## What is required
Each record below should be returned exactly, with its pictures left out.

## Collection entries
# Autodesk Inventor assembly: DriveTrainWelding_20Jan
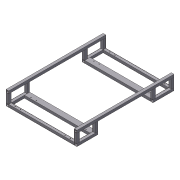
[picture p0: Inventor's stored thumbnail of the model, 180x180]
Saved by Autodesk Inventor 2012 (Build 160160000, 160)
## iProperties
Created: 2012-01-20
Part Number: DriveTrainWelding_20Jan
Document SubType Name: Assembly
Designer: JesseK
Author: JesseK
## Documents named in this file (3)
- Z:\UserData\Documents\Inventor\team1885frc\Robot2012\Drawings\DriveTrainWelding_20Jan.iam
- Z:\UserData\Documents\Inventor\team1885frc\Robot2012\Drawings\CrossBarAssembly.iam
- Z:\UserData\Documents\Inventor\team1885frc\Robot2012\Drawings\WheelPod_ForDrawing.iam
## Components (4 placed, 2 different names)
1. CrossBarAssembly:1 [sub-assembly] — Flush:1, Flush:2, Mate:2, Flush:5, Mate:3, Mate:4
2. CrossBarAssembly:2 [sub-assembly] — Flush:3, Flush:4, Mate:1
3. WheelPod_ForDrawing:1 [sub-assembly] — Flush:1, Flush:2, Flush:3, Flush:4, Mate:1, Mate:2
4. WheelPod_ForDrawing:2 [sub-assembly] — Flush:5, Mate:3, Mate:4
## Relationships (9: Flush 5, Mate 4)
- Flush:1: CrossBarAssembly:1 ↔ WheelPod_ForDrawing:1
- Flush:2: CrossBarAssembly:1 ↔ WheelPod_ForDrawing:1
- Flush:3: CrossBarAssembly:2 ↔ WheelPod_ForDrawing:1
- Flush:4: CrossBarAssembly:2 ↔ WheelPod_ForDrawing:1
- Mate:1: CrossBarAssembly:2 ↔ WheelPod_ForDrawing:1
- Mate:2: CrossBarAssembly:1 ↔ WheelPod_ForDrawing:1
- Flush:5: CrossBarAssembly:1 ↔ WheelPod_ForDrawing:2
- Mate:3: CrossBarAssembly:1 ↔ WheelPod_ForDrawing:2
- Mate:4: CrossBarAssembly:1 ↔ WheelPod_ForDrawing:2
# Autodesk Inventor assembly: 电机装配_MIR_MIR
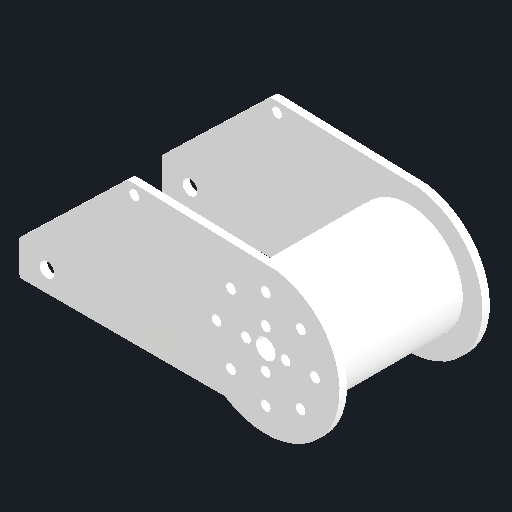
[picture p0: Inventor's stored thumbnail of the model, 512x512]
Saved by Autodesk Inventor 2025 (Build 290162000, 162)
## iProperties
Created: 2026-01-01
Part Number: 电机装配_MIR_MIR
Document SubType Name: Assembly
Designer: XH
Author: XH
## Documents named in this file (4)
- C:\Users\XH\Documents\Inventor\月球车\电机装配_MIR_MIR.iam
- C:\Users\XH\Documents\Inventor\月球车\零件3_MIR_MIR.ipt
- C:\Users\XH\Documents\Inventor\月球车\零件4_MIR_MIR.ipt
- C:\Users\XH\Documents\Inventor\月球车\零件5_MIR_MIR.ipt
## Components (3 placed, 3 different names)
1. 零件3_MIR_MIR:1 — 配合:3, 配合:4
2. 零件4_MIR_MIR:1 — 配合:1
3. 零件5_MIR_MIR:1 — 配合:1, 配合:3, 配合:4
## Relationships (3: Mate 3)
- 配合:1 [Mate]: 零件4_MIR_MIR:1 ↔ 零件5_MIR_MIR:1
- 配合:3 [Mate]: 零件3_MIR_MIR:1 ↔ 零件5_MIR_MIR:1
- 配合:4 [Mate]: 零件3_MIR_MIR:1 ↔ 零件5_MIR_MIR:1
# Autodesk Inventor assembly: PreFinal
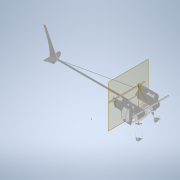
[picture p0: Inventor's stored thumbnail of the model, 180x180]
Saved by Autodesk Inventor 2020 (Build 240168000, 168)
## iProperties
Created: 2019-06-03
Part Number: PreFinal
Document SubType Name: Assembly
Designer: Vivek Muskan
Author: Vivek Muskan
## Documents named in this file (9)
- C:\Users\Vivek Muskan\Documents\TARGET25\PreFinal.iam
- C:\Users\Vivek Muskan\Documents\TARGET25\PreFinal\Design Accelerator\Bevel Gears2.iam
- C:\Users\Vivek Muskan\Documents\TARGET25\sharft.ipt
- C:\Users\Vivek Muskan\Documents\TARGET25\SwashBase.ipt
- C:\Users\Vivek Muskan\Documents\TARGET25\SwashBobble.ipt
- C:\Users\Vivek Muskan\Documents\TARGET25\SwashTop.ipt
- C:\Users\Vivek Muskan\Documents\TARGET25\OneWayBearing.ipt
- C:\Users\Vivek Muskan\Documents\TARGET25\PreFinal\Design Accelerator\Spur Gears5.iam
- C:\Users\Vivek Muskan\Documents\TARGET25\syncFrame.iam
## Components (12 placed, 8 different names)
1. Bevel Gears:1 [sub-assembly] — Insert:1, Mate:6, Flush:1, Flush:2, Mate:11
2. OneWayBearing:1 — Mate:1, Mate:2
3. sharft:1 — Mate:3, Mate:5, Mate:6, Flush:1
4. sharft:2 — Mate:7, Mate:8, Mate:10, Flush:2, Mate:11
5. SwashBase:1 — Mate:4, Mate:5
6. SwashBobble:1 — Mate:3, Insert:2
7. SwashTop:1 — Insert:2, Mate:4
8. SwashBase:2 — Mate:9, Mate:10
9. SwashBobble:2 — Mate:7, Insert:3
10. SwashTop:2 — Mate:8, Insert:3, Mate:9
11. Spur Gears:1 [sub-assembly] — Mate:1, Mate:2, Insert:1
12. syncFrame:1 [sub-assembly] — Flush:3, Flush:4, Flush:5
## Relationships (19: Mate 11, Flush 5, Insert 3)
- Mate:1: OneWayBearing:1 ↔ Spur Gears:1
- Mate:2: OneWayBearing:1 ↔ Spur Gears:1
- Insert:1 (3 mm): Bevel Gears:1 ↔ Spur Gears:1
- Mate:3: sharft:1 ↔ SwashBobble:1
- Insert:2 (8 mm): SwashBobble:1 ↔ SwashTop:1
- Mate:4: SwashBase:1 ↔ SwashTop:1
- Mate:5: sharft:1 ↔ SwashBase:1
- Mate:6: Bevel Gears:1 ↔ sharft:1
- Flush:1: Bevel Gears:1 ↔ sharft:1
- Mate:7: sharft:2 ↔ SwashBobble:2
- Mate:8: sharft:2 ↔ SwashTop:2
- Insert:3 (8 mm): SwashBobble:2 ↔ SwashTop:2
- Mate:9: SwashBase:2 ↔ SwashTop:2
- Mate:10: sharft:2 ↔ SwashBase:2
- Flush:2: Bevel Gears:1 ↔ sharft:2
- Mate:11: Bevel Gears:1 ↔ sharft:2
- Flush:3 (140 mm): syncFrame:1
- Flush:4 (-420 mm): syncFrame:1
- Flush:5: syncFrame:1

## Exercise output
# Autodesk Inventor assembly: DriveTrainWelding_20Jan
[picture p0: Inventor's stored thumbnail of the model, 180x180]
Saved by Autodesk Inventor 2012 (Build 160160000, 160)
## iProperties
Created: 2012-01-20
Part Number: DriveTrainWelding_20Jan
Document SubType Name: Assembly
Designer: JesseK
Author: JesseK
## Documents named in this file (3)
- Z:\UserData\Documents\Inventor\team1885frc\Robot2012\Drawings\DriveTrainWelding_20Jan.iam
- Z:\UserData\Documents\Inventor\team1885frc\Robot2012\Drawings\CrossBarAssembly.iam
- Z:\UserData\Documents\Inventor\team1885frc\Robot2012\Drawings\WheelPod_ForDrawing.iam
## Components (4 placed, 2 different names)
1. CrossBarAssembly:1 [sub-assembly] — Flush:1, Flush:2, Mate:2, Flush:5, Mate:3, Mate:4
2. CrossBarAssembly:2 [sub-assembly] — Flush:3, Flush:4, Mate:1
3. WheelPod_ForDrawing:1 [sub-assembly] — Flush:1, Flush:2, Flush:3, Flush:4, Mate:1, Mate:2
4. WheelPod_ForDrawing:2 [sub-assembly] — Flush:5, Mate:3, Mate:4
## Relationships (9: Flush 5, Mate 4)
- Flush:1: CrossBarAssembly:1 ↔ WheelPod_ForDrawing:1
- Flush:2: CrossBarAssembly:1 ↔ WheelPod_ForDrawing:1
- Flush:3: CrossBarAssembly:2 ↔ WheelPod_ForDrawing:1
- Flush:4: CrossBarAssembly:2 ↔ WheelPod_ForDrawing:1
- Mate:1: CrossBarAssembly:2 ↔ WheelPod_ForDrawing:1
- Mate:2: CrossBarAssembly:1 ↔ WheelPod_ForDrawing:1
- Flush:5: CrossBarAssembly:1 ↔ WheelPod_ForDrawing:2
- Mate:3: CrossBarAssembly:1 ↔ WheelPod_ForDrawing:2
- Mate:4: CrossBarAssembly:1 ↔ WheelPod_ForDrawing:2
# Autodesk Inventor assembly: 电机装配_MIR_MIR
[picture p0: Inventor's stored thumbnail of the model, 512x512]
Saved by Autodesk Inventor 2025 (Build 290162000, 162)
## iProperties
Created: 2026-01-01
Part Number: 电机装配_MIR_MIR
Document SubType Name: Assembly
Designer: XH
Author: XH
## Documents named in this file (4)
- C:\Users\XH\Documents\Inventor\月球车\电机装配_MIR_MIR.iam
- C:\Users\XH\Documents\Inventor\月球车\零件3_MIR_MIR.ipt
- C:\Users\XH\Documents\Inventor\月球车\零件4_MIR_MIR.ipt
- C:\Users\XH\Documents\Inventor\月球车\零件5_MIR_MIR.ipt
## Components (3 placed, 3 different names)
1. 零件3_MIR_MIR:1 — 配合:3, 配合:4
2. 零件4_MIR_MIR:1 — 配合:1
3. 零件5_MIR_MIR:1 — 配合:1, 配合:3, 配合:4
## Relationships (3: Mate 3)
- 配合:1 [Mate]: 零件4_MIR_MIR:1 ↔ 零件5_MIR_MIR:1
- 配合:3 [Mate]: 零件3_MIR_MIR:1 ↔ 零件5_MIR_MIR:1
- 配合:4 [Mate]: 零件3_MIR_MIR:1 ↔ 零件5_MIR_MIR:1
# Autodesk Inventor assembly: PreFinal
[picture p0: Inventor's stored thumbnail of the model, 180x180]
Saved by Autodesk Inventor 2020 (Build 240168000, 168)
## iProperties
Created: 2019-06-03
Part Number: PreFinal
Document SubType Name: Assembly
Designer: Vivek Muskan
Author: Vivek Muskan
## Documents named in this file (9)
- C:\Users\Vivek Muskan\Documents\TARGET25\PreFinal.iam
- C:\Users\Vivek Muskan\Documents\TARGET25\PreFinal\Design Accelerator\Bevel Gears2.iam
- C:\Users\Vivek Muskan\Documents\TARGET25\sharft.ipt
- C:\Users\Vivek Muskan\Documents\TARGET25\SwashBase.ipt
- C:\Users\Vivek Muskan\Documents\TARGET25\SwashBobble.ipt
- C:\Users\Vivek Muskan\Documents\TARGET25\SwashTop.ipt
- C:\Users\Vivek Muskan\Documents\TARGET25\OneWayBearing.ipt
- C:\Users\Vivek Muskan\Documents\TARGET25\PreFinal\Design Accelerator\Spur Gears5.iam
- C:\Users\Vivek Muskan\Documents\TARGET25\syncFrame.iam
## Components (12 placed, 8 different names)
1. Bevel Gears:1 [sub-assembly] — Insert:1, Mate:6, Flush:1, Flush:2, Mate:11
2. OneWayBearing:1 — Mate:1, Mate:2
3. sharft:1 — Mate:3, Mate:5, Mate:6, Flush:1
4. sharft:2 — Mate:7, Mate:8, Mate:10, Flush:2, Mate:11
5. SwashBase:1 — Mate:4, Mate:5
6. SwashBobble:1 — Mate:3, Insert:2
7. SwashTop:1 — Insert:2, Mate:4
8. SwashBase:2 — Mate:9, Mate:10
9. SwashBobble:2 — Mate:7, Insert:3
10. SwashTop:2 — Mate:8, Insert:3, Mate:9
11. Spur Gears:1 [sub-assembly] — Mate:1, Mate:2, Insert:1
12. syncFrame:1 [sub-assembly] — Flush:3, Flush:4, Flush:5
## Relationships (19: Mate 11, Flush 5, Insert 3)
- Mate:1: OneWayBearing:1 ↔ Spur Gears:1
- Mate:2: OneWayBearing:1 ↔ Spur Gears:1
- Insert:1 (3 mm): Bevel Gears:1 ↔ Spur Gears:1
- Mate:3: sharft:1 ↔ SwashBobble:1
- Insert:2 (8 mm): SwashBobble:1 ↔ SwashTop:1
- Mate:4: SwashBase:1 ↔ SwashTop:1
- Mate:5: sharft:1 ↔ SwashBase:1
- Mate:6: Bevel Gears:1 ↔ sharft:1
- Flush:1: Bevel Gears:1 ↔ sharft:1
- Mate:7: sharft:2 ↔ SwashBobble:2
- Mate:8: sharft:2 ↔ SwashTop:2
- Insert:3 (8 mm): SwashBobble:2 ↔ SwashTop:2
- Mate:9: SwashBase:2 ↔ SwashTop:2
- Mate:10: sharft:2 ↔ SwashBase:2
- Flush:2: Bevel Gears:1 ↔ sharft:2
- Mate:11: Bevel Gears:1 ↔ sharft:2
- Flush:3 (140 mm): syncFrame:1
- Flush:4 (-420 mm): syncFrame:1
- Flush:5: syncFrame:1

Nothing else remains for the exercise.